ACTIVITY =>
In the records below, some lines contain the word "width". Copy each of them.

RECORDS SHOWN =>
Start of Block

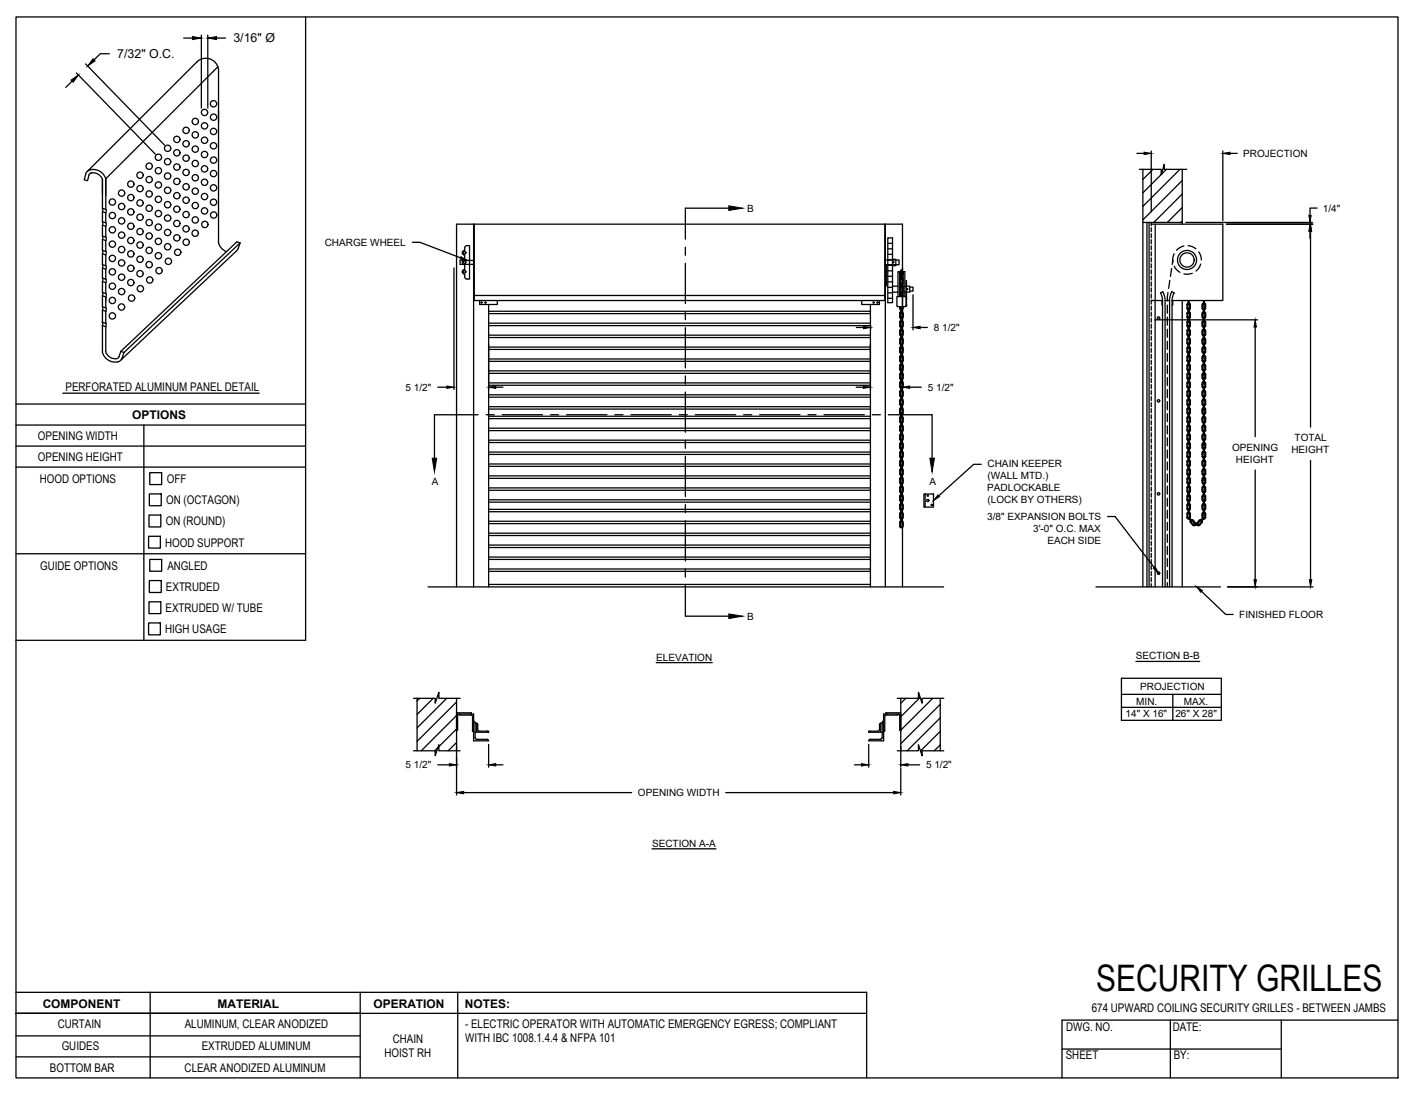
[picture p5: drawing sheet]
<svg xmlns="http://www.w3.org/2000/svg" width="279mm" height="216mm" viewBox="0 0 279 216" stroke-linecap="round" stroke-linejoin="round" font-family="sans-serif">
<!-- layer: ANNOTATIONS -->
<g fill="none" stroke="#000" stroke-width=".25">
<path d="M14.2 16l-1.2 1.3M15.1 14.4l15.5 16M16.9 12.6l15.6 16M21.6 10.6h-1.8l-1.2 1.2M36.2 7.5h1.8M39.7 6.9v14.4M41 6.9v14.4M42.7 7.5h1.8M224.3 30.3h1.4M227.2 29.8v12M241.3 29.8v13.7M242.7 30.3h1.4"/>
<path d="M81.4 47.8h1.4l8.1 3.1M89.6 52.9v24M178.1 52.9v24M180.1 58.2v6.9M234 43.9h25M242 44.2h17.1M258.5 45.7v1.4M258.6 45.7v38.6M259.9 41.1h-1.4v1.4M86.4 76.4h1.8M96.4 67.9v9M97.8 76.4h1.4"/>
<path d="M168.9 76.4h1.4M169 64.6h1.4M171.7 67.9v9M171.8 64.2v.8M179.5 76.4h2.3M181.6 64.6h1.4M227.9 63.1h20.2M247.7 64.5v21.7M193.6 91.6h-1.5l-6.8 6.2M247.7 92.8v21.6M258.6 90.8v23.6M218.5 101.9h1.5l7.7 10.1"/>
<path d="M237.1 116.7l4.8 4.6h1.4M242.2 115.8h16.9M129.5 130.8h11M221.3 133.9h19.7v8.3h-19.7zM221.3 137h19.7M221.3 139.6h19.7M224.1 130.5h12.6M231.4 137v5.2M86.4 150.9h2.3M90.1 147.3v9.6M91.5 156.4h33.1M96.4 146.9v4.5"/>
<path d="M97.8 150.9h1.4M143.2 156.4h33.1M168.6 150.9h1.4M171.4 146.9v4.5M177.7 147.3v4.1M177.7 151.6v5.3M179.2 150.9h2.3M128.7 167.5h12.6"/>
</g>
<g fill="#000" stroke="#000" stroke-width=".2">
<path d="M14 15.8l1.5-1-1.1 1.4zM18.4 11.6l.4 .4-1.5 1zM38 7.2l1.7 .3-1.7 .3zM41 7.5l1.7-.3v.6zM225.7 30l1.5 .3-1.5 .2zM241.3 30.3l1.4-.3v.5zM91 50.7l1.2 .7-1.4-.3zM258.5 44.2l.2 1.5h-.4zM258.3 42.5h.4l-.2 1.4zM258.6 44.2l.2 1.5h-.4zM88.2 76.2l1.4 .2-1.4 .2zM96.4 76.4l1.4-.2v.4z"/>
<path d="M170.3 76.2l1.4 .2-1.4 .2zM170.4 64.4l1.4 .2-1.4 .3zM178.1 76.4l1.4-.2v.4zM180.1 64.6l1.5-.2v.5zM247.7 63.1l.2 1.4h-.5zM185.1 97.7l.3 .3-1.2 .8zM227.6 112.1l.3-.3 .7 1.3zM236.1 115.7l1.2 .8-.4 .4zM247.4 114.4h.5l-.2 1.4zM258.4 114.4h.4l-.2 1.4zM88.7 150.7l1.4 .2-1.4 .3zM90.1 156.4l1.4-.2v.5z"/>
<path d="M96.4 150.9l1.4-.2v.5zM170 150.7l1.4 .2-1.4 .3zM176.3 156.2l1.4 .2-1.4 .3zM177.7 150.9l1.5-.2v.5z"/>
</g>
<!-- layer: CHAIN HOIST RH -->
<g fill="none" stroke="#000" stroke-width=".25">
<path d="M224.8 33.4h4.3v1.1l.6-2.1v1h4.5M225.5 33.4v82.4M227.5 33.4l-2 2M230.1 33.4l-4.6 4.7M232.8 33.4l-7.3 7.3M233.3 35.6l-7.8 7.8M233.3 38.3l-5.6 5.6M233.3 33.4v10.8M91.7 48.9l.2-.4h.7v6.6l-.7-.1-.2-.4M91.7 49.4a.48 .48 0 0 0-.5 .5 .48 .48 0 0 0 .5 .5v.9a.48 .48 0 0 0-.5 .5 .48 .48 0 0 0 .5 .4v1a.48 .48 0 0 0-.5 .4 .48 .48 0 0 0 .5 .5v.5M91.7 49v.4M93.5 44.2v71.6"/>
<path d="M93.6 44.2v15.1h81v-15.1M93.6 51.4h-2.8v.8h2.8M93.6 58.3h81M94.6 59.3v.8h3.5v-.8M170 59.3v.8h3.5v-.8M174.6 51.3h2.8v.9h-2.8M174.7 44.2v71.6M175 52.4v4.1M175.2 46.9h.9v12.8h-.9zM175.2 52.4h.9M175.2 51.3h.9M175.2 58.9h.9"/>
<path d="M175.2 57.8h.9M175.2 56.7h.9M175.2 55.6h.9M175.2 54.5h.9M175.2 53.4h.9M175.2 50.2h.9M175.2 49.1h.9M175.2 48h.9M176.1 51.2h.7v1.2h-.7M176.1 57.7h1.1M176.1 56.5h1.1M176.2 51.8h.1"/>
<path d="M177.2 58.5v-4.9h.3v4.9M177.5 54.1l.3 .3M177.5 57.5l.3 .4M177.5 55.8l.3 .3M177.7 55.8l.1 .2M177.7 53.8l.1 .4M177.8 53.5l-.3 .3M177.8 58.2l-.3 .3M177.8 56.5l-.3 .3M177.8 54.8l-.3 .3M177.8 53.7l-.1 .1M177.8 58.4l-.1 .1"/>
<path d="M177.8 56.7v1M177.8 54.9l-.1 .9M177.8 55h.1M177.8 58.5v-.5h.1h-.1l.1-.5v1M177.8 53.3h.1v.5zM177.8 55.8l.1 .1v.9zM177.9 53.7l.1 .1M177.9 58.4l.1 .1M177.9 56.7l.1 .4h.2h-.2l-.1 .6M177.9 54.9l.1 .5h.2h-.2v.4M177.9 53.5l.3 .3M177.9 58.2l.3 .3"/>
<path d="M177.9 56.5l.3 .3M177.9 54.8l.3 .3M177.9 56.3h-.1h.1M177.9 54.6h-.1l.1-.5v.9M177.9 54.6h-.1v.4M178 55.8l-.1 .2M178 53.8l-.1 .4M178 54h.2M178.2 54.1l-.3 .3M178.2 55.8l-.3 .3M178.2 57.5l-.3 .4M178.2 58.5v-4.9h.3v4.9"/>
<path d="M178.5 57.6h.1M178.5 56.6h.1M178.6 57.6l.2 .1M178.8 56.4l-.2 .1M178.8 58.5h-1.8v1.9l.1 .1M178.8 56.4l.1-1v5l-.1-2.7M178.8 58.8v.2M178.9 56.5h.6v1.2h-.6M179 57.1h.1M179.5 56.7h.6v.7h-.6M225.5 43.9h7.8M226.3 43.9v71.9"/>
<path d="M226.7 43.9v71.9M227.2 44.2h14.1v15.1h-10M227.2 59.3h2.2M227.2 43.9v.6M227.2 44.9v.8M227.2 46.1v.8M227.2 47.3v.8M227.2 48.5v.8M227.2 49.7v.8M227.2 50.9v.8M227.2 52.1v.8M227.2 53.3v.8"/>
<path d="M227.2 54.5v.7M227.2 55.6v.9M227.2 56.8v.8M227.2 58v.8M227.2 59.2v.8M227.9 59.3v56.5M227.9 44.2v15.1M229.3 59.3v.9h.1M229.4 59.3v56.5M229.4 59.3l-.1-.8-.3-.7 .4-.2 .4 1 .1 .7M229.9 59.3h.9M229.9 59.3v56.5"/>
<path d="M230.5 57.7l-.2 1.7M230.8 59.3v56.5M230.8 55.3l-.2 1.6M231.2 53l-.3 1.5M231.3 59.3v56.5M231.4 59.3v.9h-.1M231.4 51.3l-.1 .9M231.7 50.1l-.3 1v.6M231.7 57.8l-.3 .7-.1 .8M231.7 52.5l.5 .8 .6 .4M231.7 57.8l-.5-.2-.4 1v.7M233.3 41l-3 2.9"/>
<path d="M233.3 59.3v56.5M233.3 43.6l-.3 .3M233.6 48.6l-.7 .2-.7 .6M234.4 48.5l.9 .2 .7 .4M234.5 59.8l-.3 .3M234.5 60v1M234.5 59.3v.3h.1h-.1v.5l.1-.8M234.6 60l.1 .4h.2h-.2l-.1 .6M234.6 59.8a1.02 1.02 0 0 1 0 1.4M235.3 53.9l-1 .2h-.7M236.5 49.7l.4 .7 .1 .9M236.9 52.1l-.2 .6-.7 .8"/>
<path d="M237.5 59.8a1.02 1.02 0 0 0 0 1.4M237.5 60l-.1 .4h-.2h.2l.1 .6M237.5 59.3v.8l.1-.5h-.1h.1v-.3M237.6 60v1M237.6 59.8l.3 .3v.9l-.3 .2M96.4 60.1v55.7M96.4 73.2h75.3M96.4 73.7h75.3M96.4 70.8h75.3M96.4 71.3h75.3M96.4 68.5h75.3M96.4 69h75.3"/>
<path d="M96.4 66.1h75.3M96.4 66.6h75.3M96.4 63.8h75.3M96.4 64.3h75.3M96.4 77.9h75.3M96.4 78.4h75.3M96.4 75.6h75.3M96.4 76h75.3M96.4 61.4h75.3M96.4 61.9h75.3M171.7 60.1v55.7M177.1 60.5h1.5"/>
<path d="M177.5 74.6l.3 .3M177.5 76.3l.3 .3M177.5 79.7l.3 .4M177.5 78l.3 .4M177.5 71.2l.3 .3M177.5 72.9l.3 .3M177.5 69.4l.3 .4M177.5 67.7l.3 .3M177.5 60.8l.3 .4M177.5 62.5l.3 .4M177.5 66l.3 .3M177.5 64.3l.3 .3"/>
<path d="M177.5 60.5v.3M177.5 61.8v.7M177.5 63.6v.7M177.5 65.3v.7M177.5 67v.7M177.5 68.7v.7M177.5 70.5v.7M177.5 72.2v.7M177.5 73.9v.7M177.5 75.6v.7M177.5 77.3v.7M177.5 79.1v.7"/>
<path d="M177.7 71.2l.1 .1M177.7 67.7l.1 .2M177.7 75.6l.1 .9M177.7 79.1l.1 .8M177.7 60.5l.1 .5M177.7 67v.7M177.8 73.5l-.3 .4M177.8 75.3l-.3 .3M177.8 78.7l-.3 .3M177.8 77l-.3 .3M177.8 70.1l-.3 .4M177.8 71.8l-.3 .4"/>
<path d="M177.8 68.4l-.3 .3M177.8 66.7l-.3 .3M177.8 61.5l-.3 .3M177.8 64.9l-.3 .4M177.8 63.2l-.3 .4M177.8 73.7v1M177.8 75.4l-.1 .2M177.8 78.9l-.1 .1M177.8 77.2v1M177.8 70.3l-.1 .9M177.8 72v1M177.8 68.6v1"/>
<path d="M177.8 66.8l-.1 .2M177.8 61.7v1M177.8 65.1v1M177.8 63.4v1M177.8 79.8h.1M177.8 76.4h.1M177.8 68.6h.1M177.8 66.1h.1M177.8 61.8h.1M177.8 62.6h.1M177.8 79.8v.4h.1M177.8 76.4v.4h.1h-.1l.1 .5v-.9"/>
<path d="M177.8 68.6l.1-.9v.9M177.8 61.8v-.5h.1h-.1l.1-.5v1M177.8 62.6v.4l.1 .1h-.1l.1 .5v-1M177.8 66.1v.4h.1M177.8 72.9l.1 .1v.9l-.1-.5 .1-.1h-.1zM177.8 74.6l.1 .1v.9l-.1-.5h.1h-.1zM177.8 71.2h.1v1l-.1-.6h.1h-.1zM177.8 64.3h.1v1l-.1-.5 .1-.1h-.1zM177.9 73.7l.1 .5h.2h-.2l-.1 .5M177.9 75.4l.1 .2M177.9 77.2l.1 .4h.2h-.2l-.1 .6M177.9 78.9l.1 .1"/>
<path d="M177.9 70.3l.1 .4h.2h-.2v.5M177.9 72l.1 .4h.2M177.9 68.6l.1 .4h.2h-.2l-.1 .6M177.9 66.8l.1 .2M177.9 61.7l.1 .4h.2M177.9 63.4l.1 .4h.2M177.9 65.1l.1 .5h.2h-.2l-.1 .5M177.9 73.5a1.02 1.02 0 0 1 0 1.4M177.9 75.3l.3 .3M177.9 77l.3 .2v.8l-.3 .4M177.9 78.7l.3 .3M177.9 71.8l.3 .4v.8l-.3 .2"/>
<path d="M177.9 70.1l.3 .2v.9M177.9 68.4l.3 .2v.8l-.3 .4M177.9 66.7l.3 .3M177.9 61.5l.3 .3v.9l-.3 .2M177.9 63.2l.3 .2v.9l-.3 .3M177.9 64.9l.3 .2v.9l-.3 .3M177.9 78.5h-.1l.1-.5v1l-.1-.5h.1M177.9 69.9h-.1l.1-.5v1l-.1-.5h.1M177.9 68.2h-.1h.1M177.9 66.1v.9l-.1-.5h.1M177.9 79.8v.9M178 71.2l-.1 .1"/>
<path d="M178 67.7l-.1 .2M178 75.6v.3h.2M178 79.1v.2h.2h-.2l-.1 .6M178 67v.3h.2h-.2v.4M178 60.5l-.1 .5M178.2 71.2l-.3 .3M178.2 67.7l-.3 .3M178.2 75.6v.8l-.3 .2M178.2 75.9h-.2l-.1 .6M178.2 79.1v.8l-.3 .2M178.2 72.5h-.2l-.1 .5M178.2 67v.7"/>
<path d="M178.2 62.1h-.2l-.1 .6M178.2 60.5v.5l-.3 .2M178.2 63.9h-.2l-.1 .5M178.8 60.4l-.2 .1M178.8 60v.3M227.2 60.4v.8M227.2 61.6v.8M227.2 62.8v.8M227.2 64v.8M227.2 65.2v.8M227.2 66.4v.8M227.2 67.6v.7"/>
<path d="M227.2 68.7v.8M227.2 69.9v.8M227.2 71.1v.8M227.2 72.3v.8M227.2 73.5v.8M227.2 74.7v.8M227.2 75.9v.8M227.2 77.1v.8M227.2 78.3v.8M227.2 79.5v.8M230.3 60.2v1.6M230.3 62.6v1.6"/>
<path d="M230.3 65v1.6M230.3 67.4v1.5M230.3 69.7v1.6M230.3 72.1v1.6M230.3 74.5v1.6M230.3 76.9v1.6M230.3 79.3v1.6M234.2 64.3l.3 .3M234.2 60.8l.3 .4M234.2 62.5l.3 .4M234.2 67.7l.3 .3M234.2 66l.3 .3"/>
<path d="M234.2 69.4l.3 .4M234.2 74.6l.3 .3M234.2 76.3l.3 .3M234.2 79.7l.3 .4M234.2 78l.3 .4M234.2 71.2l.3 .3M234.2 72.9l.3 .3M234.2 60.1v.7M234.2 61.8v.7M234.2 63.6v.7M234.2 65.3v.7M234.2 67v.7"/>
<path d="M234.2 68.7v.7M234.2 70.5v.7M234.2 72.2v.7M234.2 73.9v.7M234.2 75.6v.7M234.2 77.3v.7M234.2 79.1v.7M234.4 67.7l.1 .2M234.4 71.2l.1 .1M234.4 75.6l.1 .9M234.4 79.1l.1 .8M234.4 67v.7"/>
<path d="M234.5 63.2l-.3 .4M234.5 61.5l-.3 .3M234.5 66.7l-.3 .3M234.5 64.9l-.3 .4M234.5 68.4l-.3 .3M234.5 73.5l-.3 .4M234.5 75.3l-.3 .3M234.5 78.7l-.3 .3M234.5 77l-.3 .3M234.5 70.1l-.3 .4M234.5 71.8l-.3 .4M234.5 63.4v1"/>
<path d="M234.5 61.7v1M234.5 66.8l-.1 .2M234.5 65.1v1M234.5 68.6v1M234.5 73.7v1M234.5 75.4l-.1 .2M234.5 78.9l-.1 .1M234.5 77.2v1M234.5 70.3l-.1 .9M234.5 72v1M234.5 62.6h.1M234.5 61.8h.1"/>
<path d="M234.5 66.1h.1M234.5 68.6h.1M234.5 79.8h.1M234.5 76.4h.1M234.5 62.6v.4l.1 .1h-.1v.5l.1-1M234.5 61.8v-.5h.1h-.1v-.5l.1 1M234.5 66.1v.4h.1M234.5 68.6v-.4h.1h-.1v-.5l.1 .9M234.5 79.8v.4h.1M234.5 76.4v.4h.1h-.1v.5l.1-.9M234.5 64.3h.1l-.1 1v-.5l.1-.1h-.1zM234.5 72.9l.1 .1-.1 .9v-.5l.1-.1h-.1z"/>
<path d="M234.5 74.6l.1 .1-.1 .9v-.5h.1h-.1zM234.5 71.2h.1l-.1 1v-.6h.1h-.1zM234.6 63.4l.1 .4h.2M234.6 61.7l.1 .4h.2M234.6 65.1l.1 .5h.2h-.2l-.1 .5M234.6 66.8l.1 .2M234.6 68.6l.1 .4h.2h-.2l-.1 .6M234.6 73.7l.1 .5h.2h-.2l-.1 .5M234.6 75.4l.1 .2M234.6 77.2l.1 .4h.2h-.2l-.1 .6M234.6 78.9l.1 .1M234.6 70.3l.1 .4h.2h-.2v.5"/>
<path d="M234.6 72l.1 .4h.2M234.6 63.2l.3 .2v.9l-.3 .3M234.6 61.5l.3 .3v.9l-.3 .2M234.6 64.9l.3 .2v.9l-.3 .3M234.6 66.7l.3 .3M234.6 68.4l.3 .3v.9l-.3 .2M234.6 73.5a1.02 1.02 0 0 1 0 1.4M234.6 75.3l.3 .3M234.6 77l.3 .2v.8l-.3 .4M234.6 78.7l.3 .3M234.6 71.8l.3 .4v.8l-.3 .2M234.6 70.1l.3 .2v.9"/>
<path d="M234.6 69.9h-.1v-.5v1v-.5h.1M234.6 66.1l-.1 .9v-.5h.1M234.6 78.5h-.1v-.5v1v-.5h.1M234.6 79.8v.9M234.7 67.7l-.1 .2M234.7 71.2l-.1 .1M234.7 67v.3h.2h-.2v.4M234.7 75.6v.3h.2M234.7 79.1v.2h.2h-.2l-.1 .6M234.9 67.7l-.3 .3M234.9 71.2l-.3 .3M234.9 63.9h-.2l-.1 .5"/>
<path d="M234.9 62.1h-.2l-.1 .6M234.9 67v.7M234.9 75.6v.8l-.3 .2M234.9 75.9h-.2l-.1 .6M234.9 79.1v.8l-.3 .2M234.9 72.5h-.2l-.1 .5M237.2 72.5h.2l.1 .5M237.2 79.1v.8l.3 .2M237.2 75.9h.2l.1 .6M237.2 75.6v.8l.3 .2M237.2 67v.7M237.2 62.1h.2l.1 .6"/>
<path d="M237.2 63.9h.2l.1 .5M237.2 71.2l.3 .3M237.2 67.7l.3 .3M237.4 79.1v.2h-.2h.2l.1 .6M237.4 75.6v.3h-.2M237.4 67v.3h-.2h.2v.4M237.4 71.2l.1 .1M237.4 67.7l.1 .2M237.5 70.1l-.3 .2v.9M237.5 71.8l-.3 .2v.9l.3 .3M237.5 78.7l-.3 .3M237.5 77l-.3 .3v.9l.3 .2"/>
<path d="M237.5 73.5a1.02 1.02 0 0 0 0 1.4M237.5 75.3l-.3 .3M237.5 68.4l-.3 .2v.8l.3 .4M237.5 66.7l-.3 .3M237.5 64.9l-.3 .4v.8l.3 .2M237.5 61.5l-.3 .2v.8l.3 .4M237.5 63.2l-.3 .4v.8l.3 .2M237.5 70.3l-.1 .4h-.2h.2v.5M237.5 72l-.1 .4h-.2M237.5 77.2l-.1 .4h-.2h.2l.1 .6M237.5 78.9l-.1 .1M237.5 73.7l-.1 .5h-.2h.2l.1 .5"/>
<path d="M237.5 75.4l-.1 .2M237.5 68.6l-.1 .4h-.2h.2l.1 .6M237.5 65.1l-.1 .5h-.2h.2l.1 .5M237.5 66.8l-.1 .2M237.5 61.7l-.1 .4h-.2M237.5 63.4l-.1 .4h-.2M237.5 76.4v.9l.1-.5h-.1h.1v-.4M237.5 78.5h.1l-.1-.5v1l.1-.5h-.1M237.5 75.1h.1h-.1M237.5 68.2h.1h-.1M237.5 69.9h.1l-.1-.5v1l.1-.5h-.1M237.5 68.6v-.9l.1 .9"/>
<path d="M237.5 66.1v.9l.1-.5h-.1M237.5 61.8v-1l.1 1M237.5 61.3h.1h-.1M237.5 62.6v1l.1-.5h-.1l.1-.1v-.4M237.5 79.8v.9M237.5 76.4h.1M237.5 79.8h.1M237.5 68.6h.1M237.5 66.1h.1M237.5 61.8h.1M237.5 62.6h.1M237.5 71.2h.1v.4h-.1h.1l-.1 .6z"/>
<path d="M237.5 72.9l.1 .1v.3l-.1 .1h.1l-.1 .5zM237.5 74.6l.1 .1-.1 .9zM237.5 64.3h.1v.4l-.1 .1h.1l-.1 .5zM237.6 79.8v.4h-.1M237.6 66.1v.4h-.1M237.6 72v1M237.6 70.3l.1 .9M237.6 77.2v1M237.6 78.9l.1 .1M237.6 75.4l.1 .2M237.6 73.7v1M237.6 68.6v1"/>
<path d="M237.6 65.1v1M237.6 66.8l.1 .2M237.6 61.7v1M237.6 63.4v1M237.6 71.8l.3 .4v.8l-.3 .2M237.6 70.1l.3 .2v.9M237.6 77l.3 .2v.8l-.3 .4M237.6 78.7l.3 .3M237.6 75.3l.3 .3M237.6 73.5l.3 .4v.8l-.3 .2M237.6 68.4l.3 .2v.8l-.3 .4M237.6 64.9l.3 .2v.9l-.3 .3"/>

End of Block

SOLUTION =>
<svg xmlns="http://www.w3.org/2000/svg" width="279mm" height="216mm" viewBox="0 0 279 216" stroke-linecap="round" stroke-linejoin="round" font-family="sans-serif">
<g fill="none" stroke="#000" stroke-width=".25">
<g fill="#000" stroke="#000" stroke-width=".2">
<g fill="none" stroke="#000" stroke-width=".25">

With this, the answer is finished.